Tiefe Frequenzen breiten sich anders aus als Mitten und Höhen und erzeugen Raummoden, bei denen sich Schallwellen an manchen Stellen addieren und an anderen auslöschen. Der Bassist hört am eigenen Standort oft zu wenig und dreht deshalb lauter, wodurch der Pegel für die anderen Musiker überproportional steigt.

Die Boxposition ist der wichtigste Hebel für kontrollierte Lautstärke. Ein Abstand von 30 bis 80 Zentimetern zur Rückwand ist ein guter Ausgangspunkt; kleine Verschiebungen können Raumresonanzen deutlich verändern. Kompakte Boxen sollten erhöht oder angewinkelt werden, damit Mitten und Höhen zum Ohr abstrahlen.

Häufige Ursachen sind: Bassverstärker in der Ecke oder direkt am Boden, zu starke Anhebungen beim EQ, Konkurrenz zwischen Bass und Kickdrum im gleichen Frequenzbereich, sowie ein starker dynamischer Anschlag. Zudem passen oft alle Musiker ihre Lautstärke an das lauteste Instrument an.

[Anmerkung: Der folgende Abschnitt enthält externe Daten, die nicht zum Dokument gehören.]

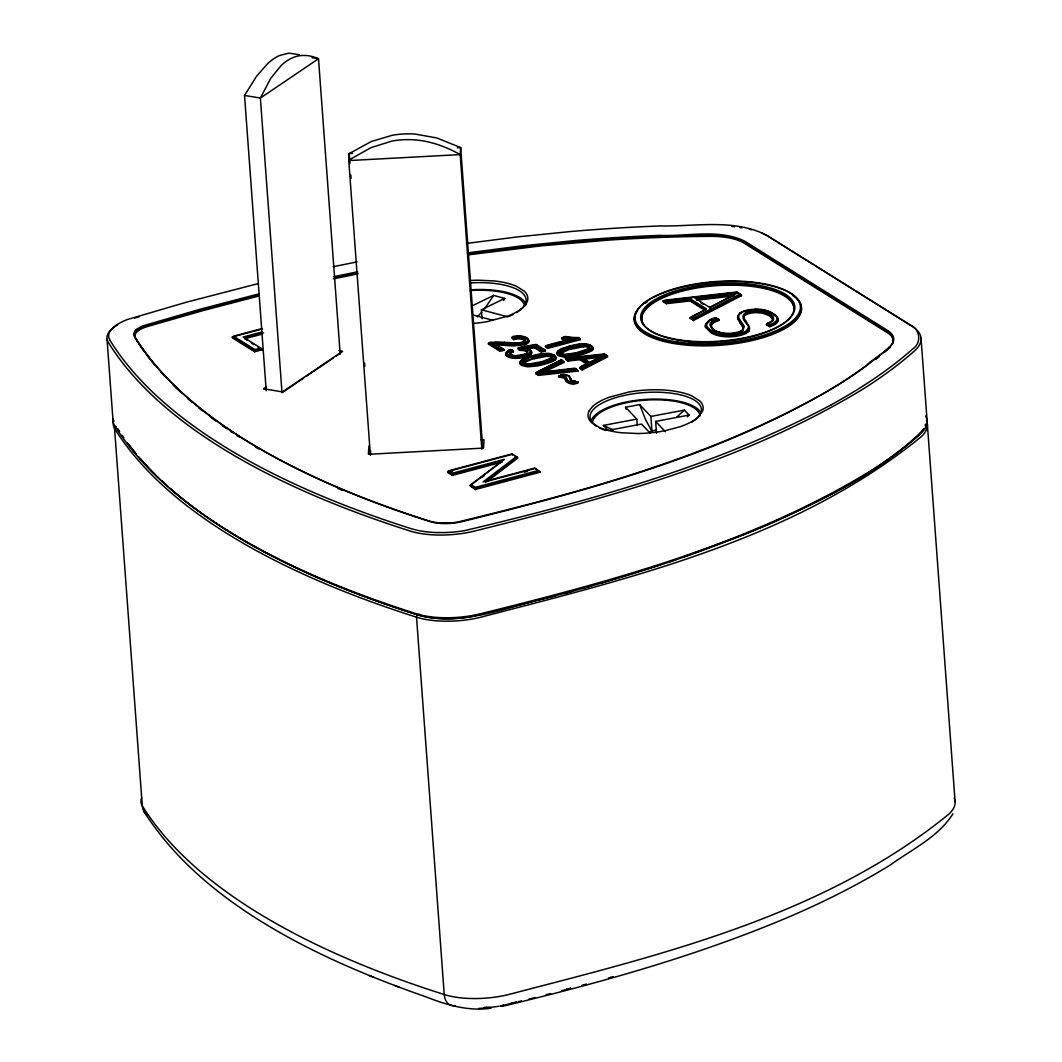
<?xml version="1.0" encoding="UTF-8"?>
<svg xmlns="http://www.w3.org/2000/svg" width="1062" height="1062" viewBox="0 0 1062 1062"><rect width="100%" height="100%" fill="white"/><g stroke="black" fill="none" stroke-linecap="round" stroke-linejoin="round"><path stroke-width="1.5" d="M552.054 358.465A6.266 2.336 -4.2 0 0 551.457 357.35A7.407 2.761 -4.2 0 0 550.859 357.005A6.12 2.283 -4.2 0 0 547.634 356.314L546.465 356.301L546.465 354.217A7.142 2.668 -4.2 0 1 551.961 355.292L551.39 356.487A6.266 2.336 -4.2 0 1 551.895 357.907L541.978 361.624L529.712 363.854M711.155 326.645L711.182 326.114A17.005 6.345 -4.2 0 1 713.12 323.246A22.687 8.456 -4.2 0 1 719.147 320.405L719.027 319.516C715.39 315.414 704.491 320.79 707 326.605C712.39 333.455 722.041 334.875 730.244 334.729A17.603 6.571 -4.2 0 0 740.095 333.349A15.85 5.907 -4.2 0 0 746.772 330.468M546.386 354.907C541.673 354.429 525.053 356.381 524.031 361.969A6.199 2.31 -4.2 0 0 524.495 363.35A6.292 2.35 -4.2 0 0 527.429 364.293M589.105 348.867A6.266 2.336 -4.2 0 0 588.507 347.752A7.407 2.761 -4.2 0 0 587.897 347.407A6.12 2.283 -4.2 0 0 584.671 346.716L583.503 346.703L583.516 344.619A7.115 2.655 -4.2 0 1 589.012 345.694A7.514 2.801 -4.2 0 1 588.945 348.336L587.751 349.464M569.285 347.579L569.405 346.106M525.438 340.331L525.358 340.331A6.757 2.522 -4.2 0 1 522.013 342.216A7.288 2.721 -4.2 0 1 520.075 342.601L519.265 342.707A12.956 4.832 -4.2 0 1 515.561 342.88A60.653 22.621 -4.2 0 1 507.941 342.522L495.981 341.871L491.494 342.668A8.469 3.159 -4.2 0 0 488.44 343.265L488.507 344.128L500.056 351.363L503.999 350.301L503.932 349.451L493.604 342.893A11.337 4.235 -4.2 0 1 495.264 342.8A16.249 6.067 -4.2 0 1 498.596 342.853L509.096 343.623A57.175 21.32 -4.2 0 0 514.114 343.889M368.926 445.907L368.368 454.297L483.515 448.098L484.073 439.708L481.192 439.867M370.399 455.226L370.678 451.031M481.829 449.226L482.294 442.23M524.601 341.167L525.358 340.331M925.188 425.716L925.387 424.136M773.441 319.277L773.481 317.153L771.105 314.604A38.126 14.218 -4.2 0 0 770.242 314.033C761.56 307.476 731.187 309.347 747.98 325.038A39.294 14.656 -4.2 0 1 748.511 326.432A29.988 11.191 -4.2 0 1 748.564 327.176L746.719 330.455M566.736 354.283L576.865 352.584L588.149 348.92M525.252 340.331A8.615 3.213 -4.2 0 0 519.544 336.919L519.398 338.061A7.208 2.682 -4.2 0 1 523.287 338.977M952.946 813.784C938.529 836.856 911.966 849.308 890.5 864.88C857.684 885.071 823.156 902.342 787.725 917.449C695.862 956.225 599.486 983.04 502.671 1006.258M532.062 355.863L532.235 357.177M266.217 390.843L244.525 95.434L256.606 76.185L267.823 63.454A84.017 39.573 -75.5 0 1 279.598 55.489L288.944 53.14L299.378 54.706M503.547 300.44L504.755 298.395L493.618 295.409L484.551 308.856M748.776 330.242L749.506 327.853L747.197 323.751M748.843 331.105L749.613 328.662L748.577 326.432M505.246 343.345L505.047 345.415L509.68 345.747A58.078 21.665 -4.2 0 0 513.225 345.933L524.601 344.778M528.411 341.738L528.557 341.539A10.142 3.783 -4.2 0 0 528.743 339.933L527.429 338.539A18.97 7.076 -4.2 0 0 526.473 337.968L523.858 336.973A10.036 3.744 -4.2 0 0 516.557 336.521L511.95 337.278L513.57 339.628L515.866 339.136M525.624 356.155L527.655 355.478A11.47 4.275 -4.2 0 0 531.146 353.301L531.425 352.876A10.593 3.943 -4.2 0 0 530.814 350.5L530.296 350.141A11.735 4.381 -4.2 0 0 524.986 348.668L525.066 349.517A11.735 4.381 -4.2 0 1 530.429 350.978M742.723 330.866L743.134 327.919L737.639 318.401A27.094 10.102 -4.2 0 1 737.625 317.671A27.094 10.102 -4.2 0 1 737.559 316.808C740.095 310.184 749.414 310.409 755.361 309.653A17.642 6.584 -4.2 0 1 764.069 310.356L765.277 310.595A33.665 12.558 -4.2 0 1 773.03 313.622M738.687 315.334L737.745 318.268L741.807 324.826A93.31 34.807 -4.2 0 1 742.71 326.326L743.294 328.609L742.126 330.534M481.75 312.241L477.396 316.808M135.153 330.959L136.852 329.326M521.8 361L520.274 362.288A9.744 3.637 -4.2 0 0 520.101 364L521.11 365.023A14.895 5.549 -4.2 0 0 521.92 365.514L527.721 366.828L536.642 366.045A44.604 16.634 -4.2 0 0 550.036 362.474M558.041 351.96L557.324 352.677A9.744 3.637 -4.2 0 0 557.152 354.403L558.161 355.425A14.895 5.549 -4.2 0 0 558.97 355.916L564.772 357.23L573.679 356.447A44.604 16.634 -4.2 0 0 587.074 352.876L588.136 352.504A20.019 7.461 -4.2 0 0 591.932 350.54M743.134 329.565L744.13 326.91A27.891 10.408 -4.2 0 0 743.984 326.26L743.121 327.215M687.3 416.848L689.079 415.083L684.353 410.105L676.998 416.888M588.945 348.309A6.266 2.336 -4.2 0 0 588.441 346.889L587.844 346.544A6.106 2.283 -4.2 0 0 584.618 345.854C576.666 346.544 567.612 347.672 561.081 352.372A6.199 2.31 -4.2 0 0 561.546 353.752A6.292 2.35 -4.2 0 0 564.48 354.695M524.243 342.508L524.827 341.154L523.38 339.827A7.022 2.615 -4.2 0 0 515.84 339.083M504.516 342.283L504.981 343.65M520.659 361.837C521.389 357.695 528.889 357.469 532.394 355.69M524.694 361.16L536.257 357.151L547.567 355.465A6.106 2.283 -4.2 0 1 550.806 356.142L551.205 356.367M589.025 348.349C581.923 352.783 572.869 354.668 564.493 354.681M516.411 456.58L483.104 481.869L534.77 468.063L539.987 472.232L475.112 489.555L470.041 485.573L502.114 461.227L502.18 462.089L452.425 475.378L447.713 472.431L447.646 471.568L512.521 454.244L512.588 455.107M481.657 477.661L484.219 475.723M485.52 482.573L485.453 481.723L517.526 457.364L512.083 453.872L448.841 470.771L452.664 473.161L504.344 459.355L471.037 484.644L475.364 487.339L538.593 470.439M486.808 481.604L517.592 458.226L517.526 457.364M265.991 387.059L263.482 388.745L282.505 391.905L342.575 351.283L339.004 350.686M282.014 392.701L303.652 378.085M306.347 376.253L333.388 357.96M336.083 356.142L340.145 353.394M503.229 459.952L503.972 459.527M583.436 345.402C580.502 343.491 573.4 346.677 569.152 347.38C567.227 348.575 559.767 348.867 561.745 351.562M740.772 313.768L741.449 313.409M830.803 405.047C716.359 465.939 590.26 500.839 464.731 530.602A54.427 20.297 -4.2 0 1 444.274 532.58L436.15 532.54A54.427 20.297 -4.2 0 1 417.618 530.376L411.392 528.743A1145.805 427.375 -4.2 0 1 109.97 340.318M559.329 351.124L560.457 350.553A7.952 2.96 -4.2 0 0 566.696 354.429M606.336 355.173L582.241 367.598L580.702 366.642L588.56 362.779L580.197 357.549L568.396 358.943L566.856 357.987L604.384 353.951L607.504 355.996L607.57 356.859L582.215 369.948L579.706 368.381L579.64 367.518L587.498 363.669L587.565 364.531M579.64 367.518L582.149 369.085L607.504 355.996M709.668 307.356L736.351 293.59L695.159 298.289L709.894 307.595L709.947 308.458M740.201 294.015L693.313 318.215L691.189 316.888L706.562 308.962L690.366 298.834L666.644 301.555L664.547 300.241L736.935 291.97L741.382 294.851L741.449 295.714L693.274 320.565L690.141 317.79L705.513 309.852L705.566 310.715L689.981 300.971L666.259 303.679L663.206 301.781L663.139 300.918L737.506 292.422L737.572 293.285M709.894 307.595L734.174 295.05L734.24 295.913M690.207 318.64L694.389 316.489M690.141 317.79L693.221 319.702L741.382 294.851M540.784 373.572L540.717 372.709L575.352 368.66L577.94 371.089L538.461 375.351L535.925 373.771L535.859 372.908L561.506 360.005L564.068 362.421L543.691 372.178M535.925 373.771L540.2 371.62M590.087 362.036L605.114 354.602L582.494 357.283L590.392 363.138M590.326 362.275L602.831 356.102L602.897 356.951L584.073 359.182L584.007 358.319L602.831 356.102M471.714 306.082L493.618 295.409M482.068 318.786L481.405 309.785L504.755 298.395M540.717 372.709L564.015 361.558M768.835 323.99L766.565 324.919L766.498 324.056L770.136 322.41A14.616 5.456 -4.2 0 0 772.446 320.392A13.886 5.177 -4.2 0 0 772.791 319.543L772.18 317.392L770.003 315.441A42.347 15.797 -4.2 0 0 768.357 314.458L762.277 312.241L755.573 311.763A11.178 4.168 -4.2 0 0 750.462 312.387L749.852 312.52A13.049 4.872 -4.2 0 0 748.232 312.971L747.316 313.29A10.275 3.836 -4.2 0 0 744.197 315.135A11.536 4.301 -4.2 0 0 743.719 315.812L743.997 318.321L749.493 327.215M455.094 1005.568A16.753 11.377 -72.4 0 1 444.235 994.536L416.53 617.181A1.858 1.261 -72.4 0 1 417.724 614.898L419.211 614.248M551.019 361.239L550.01 361.624M656.382 429.778L648.869 432.022M524.761 359.567L525.504 359.275M561.798 349.969L562.555 349.677M565.422 376.2A16.501 6.16 -4.2 0 1 566.511 378.165L566.736 378.789A24.373 9.093 -4.2 0 0 567.148 379.798L566.338 380.807A23.935 8.921 -4.2 0 1 565.913 379.784C564.758 374.182 551.643 376.001 564.572 378.178C566.073 383.74 572.989 385.599 578.073 382.745L578.007 381.895A12.465 4.646 -4.2 0 1 574.409 381.523L571.675 380.528L570.652 378.324M550.076 362.487L551.085 362.102A20.019 7.461 -4.2 0 0 554.895 360.151M143.609 325.662L200.837 309.029L259.208 293.789M522.756 343.331L521.986 343.584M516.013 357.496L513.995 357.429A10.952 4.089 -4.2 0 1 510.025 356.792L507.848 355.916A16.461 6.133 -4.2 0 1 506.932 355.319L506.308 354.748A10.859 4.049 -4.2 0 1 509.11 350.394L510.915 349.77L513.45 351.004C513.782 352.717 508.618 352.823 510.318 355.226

Verwende lineare Filter statt einfacher Schaumstoffstöpsel, da sie den Pegel gleichmäßiger reduzieren und Tonhöhen sowie Timing besser erhalten. Regelmäßige leise Pausen entlasten das Gehör zusätzlich, und Warnsignale wie Pfeifen, dumpfes Hören oder Druckgefühl nach der Probe sollten ernst genommen werden.